The 1980s saw a progressive shift away from psychological treatments of sexual dysfunction to an emphasis on surgical and medical solutions for improving sexual health. Simultaneously, there was a progressive shift within the medical community and public at large, towards viewing the etiology of sexual dysfunction as organic, rather than the psychogenic understanding emphasized by sex therapists. Use of improved sophisticated diagnostic procedures, such as duplex sonography and cavernosograms (although not necessarily improving treatment) added credibility and imprimatur to the importance of organic pathogenesis. This was particularly true in the area of erectile dysfunction, where urologists established dominance, with the successful marketing and use of various intracavernosal and intraurethral systems. Although highly touted by urologists, the treatment efficacy of these products was offset by their intrusiveness into the patients bodies and reduction in spontaneity, their patterns of use required.

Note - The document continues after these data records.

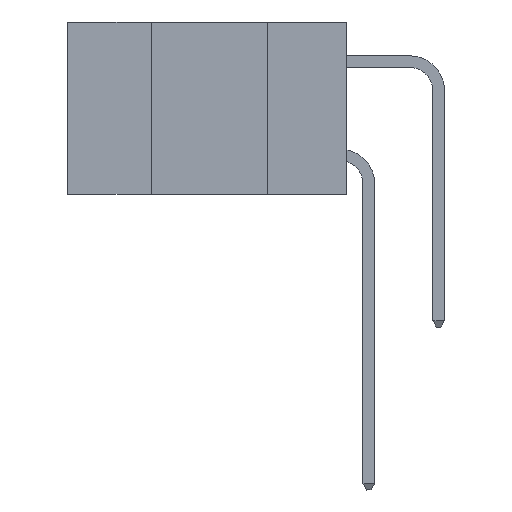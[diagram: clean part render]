
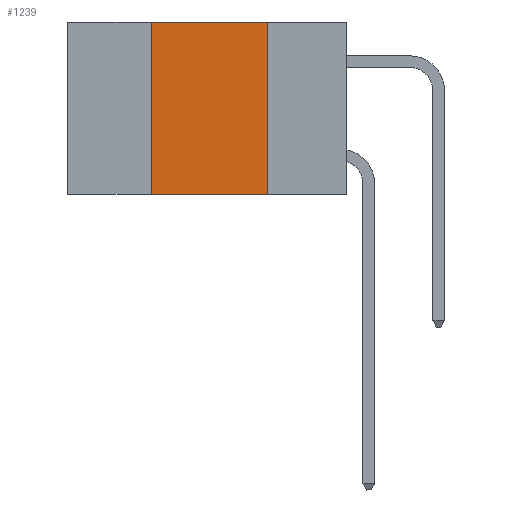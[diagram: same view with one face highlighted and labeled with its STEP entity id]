
A CAD part, left-side view. The second image highlights one B-rep face of the part: STEP entity #1239.
In plain terms, the highlighted planar face has unit normal (-1, 0, 0).
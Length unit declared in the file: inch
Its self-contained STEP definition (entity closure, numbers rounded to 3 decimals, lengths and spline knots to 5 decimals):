
#607 = VECTOR ( 'NONE', #8829, 39.37008 ) ;
#1061 = EDGE_CURVE ( 'NONE', #12624, #10025, #6257, .T. ) ;
#1184 = CARTESIAN_POINT ( 'NONE',  ( 0., 0.42, 0. ) ) ;
#1239 = ADVANCED_FACE ( 'NONE', ( #4588 ), #12910, .F. ) ;
#1524 = CARTESIAN_POINT ( 'NONE',  ( 0., 0.17, -0.37 ) ) ;
#1685 = CARTESIAN_POINT ( 'NONE',  ( 0., 0.6, 0. ) ) ;
#2075 = VERTEX_POINT ( 'NONE', #12341 ) ;
#2225 = DIRECTION ( 'NONE',  ( 0., 0., -1. ) ) ;
#2541 = VECTOR ( 'NONE', #3171, 39.37008 ) ;
#2762 = DIRECTION ( 'NONE',  ( 0., -1., 0. ) ) ;
#2962 = ORIENTED_EDGE ( 'NONE', *, *, #1061, .F. ) ;
#3171 = DIRECTION ( 'NONE',  ( 0., 0., 1. ) ) ;
#4028 = CARTESIAN_POINT ( 'NONE',  ( 0., 0.17, 0. ) ) ;
#4588 = FACE_OUTER_BOUND ( 'NONE', #5900, .T. ) ;
#4833 = DIRECTION ( 'NONE',  ( 1., 0., 0. ) ) ;
#5305 = CARTESIAN_POINT ( 'NONE',  ( 0., 0.17, 0. ) ) ;
#5435 = EDGE_CURVE ( 'NONE', #2075, #10025, #13152, .T. ) ;
#5900 = EDGE_LOOP ( 'NONE', ( #2962, #7472, #10761, #6083 ) ) ;
#6083 = ORIENTED_EDGE ( 'NONE', *, *, #5435, .T. ) ;
#6257 = LINE ( 'NONE', #5305, #9298 ) ;
#6712 = AXIS2_PLACEMENT_3D ( 'NONE', #1685, #4833, #8843 ) ;
#6793 = VECTOR ( 'NONE', #2762, 39.37008 ) ;
#6938 = CARTESIAN_POINT ( 'NONE',  ( 0., 0.6, 0. ) ) ;
#7424 = EDGE_CURVE ( 'NONE', #12504, #12624, #11426, .T. ) ;
#7472 = ORIENTED_EDGE ( 'NONE', *, *, #7424, .F. ) ;
#8080 = LINE ( 'NONE', #1184, #2541 ) ;
#8829 = DIRECTION ( 'NONE',  ( 0., -1., 0. ) ) ;
#8843 = DIRECTION ( 'NONE',  ( 0., 0., -1. ) ) ;
#9122 = EDGE_CURVE ( 'NONE', #2075, #12504, #8080, .T. ) ;
#9298 = VECTOR ( 'NONE', #2225, 39.37008 ) ;
#10025 = VERTEX_POINT ( 'NONE', #1524 ) ;
#10689 = CARTESIAN_POINT ( 'NONE',  ( 0., 0.6, -0.37 ) ) ;
#10761 = ORIENTED_EDGE ( 'NONE', *, *, #9122, .F. ) ;
#11426 = LINE ( 'NONE', #6938, #6793 ) ;
#12341 = CARTESIAN_POINT ( 'NONE',  ( 0., 0.42, -0.37 ) ) ;
#12504 = VERTEX_POINT ( 'NONE', #12915 ) ;
#12624 = VERTEX_POINT ( 'NONE', #4028 ) ;
#12910 = PLANE ( 'NONE',  #6712 ) ;
#12915 = CARTESIAN_POINT ( 'NONE',  ( 0., 0.42, 0. ) ) ;
#13152 = LINE ( 'NONE', #10689, #607 ) ;

Initially, there were few oral treatments for erectile dysfunction, being used by urologists, such as yohimbine based products, trazodone, and bupropion. They had only modest proerectile capability. Pharmaceutical companies were inspired to pursue oral treatments with the promise of less intrusiveness and even greater profits. The first visible evidence of fulfilling that promise was the sildenafil launch. Subsequent to Pfizers success, multiple companies simultaneously pursued clinical trials of easy-to-use treatments for male sexual dysfunction. Among others, these included additional PDE-5 type compounds and other oral treatments, such as ixense (TAP Holdings, Deerfield, IL, USA), and topically applied compounds (MacroChem, Lexington, MA, USA). Additionally, PT-141 (Palatin Technology, Cranbury, NJ, USA) is a nasally administered peptide that is under development, which is presumed to work through a central nervous system mechanism.

Currently, there are three highly efficacious PDE-5, FDA-approved treatments for erectile dysfunction: sildenafil, vardenafil, and tadalafil. Reviews of long-term extension studies and published accounts of use in clinical practice show that sildenafils effectiveness was maintained with long-term treatment. “Significantly improved erectile function was demonstrated for sildenafil compared with placebo for all efficacy parameters analyzed (P , 0.02 to 0.0001), regardless of patient age, race, body mass index, erectile dysfunction etiology, erectile dysfunction severity, erectile dysfunction duration, or the presence of various co morbidities. Long-term effectiveness was assessed in three open-label extension studies.” Vardenafil (launched in 2003) “is a potent, selective PDE-5 inhibitor, which improved erectile function in a broad population of men with erectile dysfunction and in characteristically challenging-to-treat groups such as diabetic and post prostatectomy patients.” Tadalafil also launched in 2003, when taken, “as needed before sexual activity and without restrictions on food or alcohol intake, significantly improved erectile function. It allowed a substantial proportion of patients to achieve a normal IIEF erectile function domain score, exhibited a broad window of therapeutic responsiveness and was well tolerated in a representative population of patients with broadspectrum erectile dysfunction.”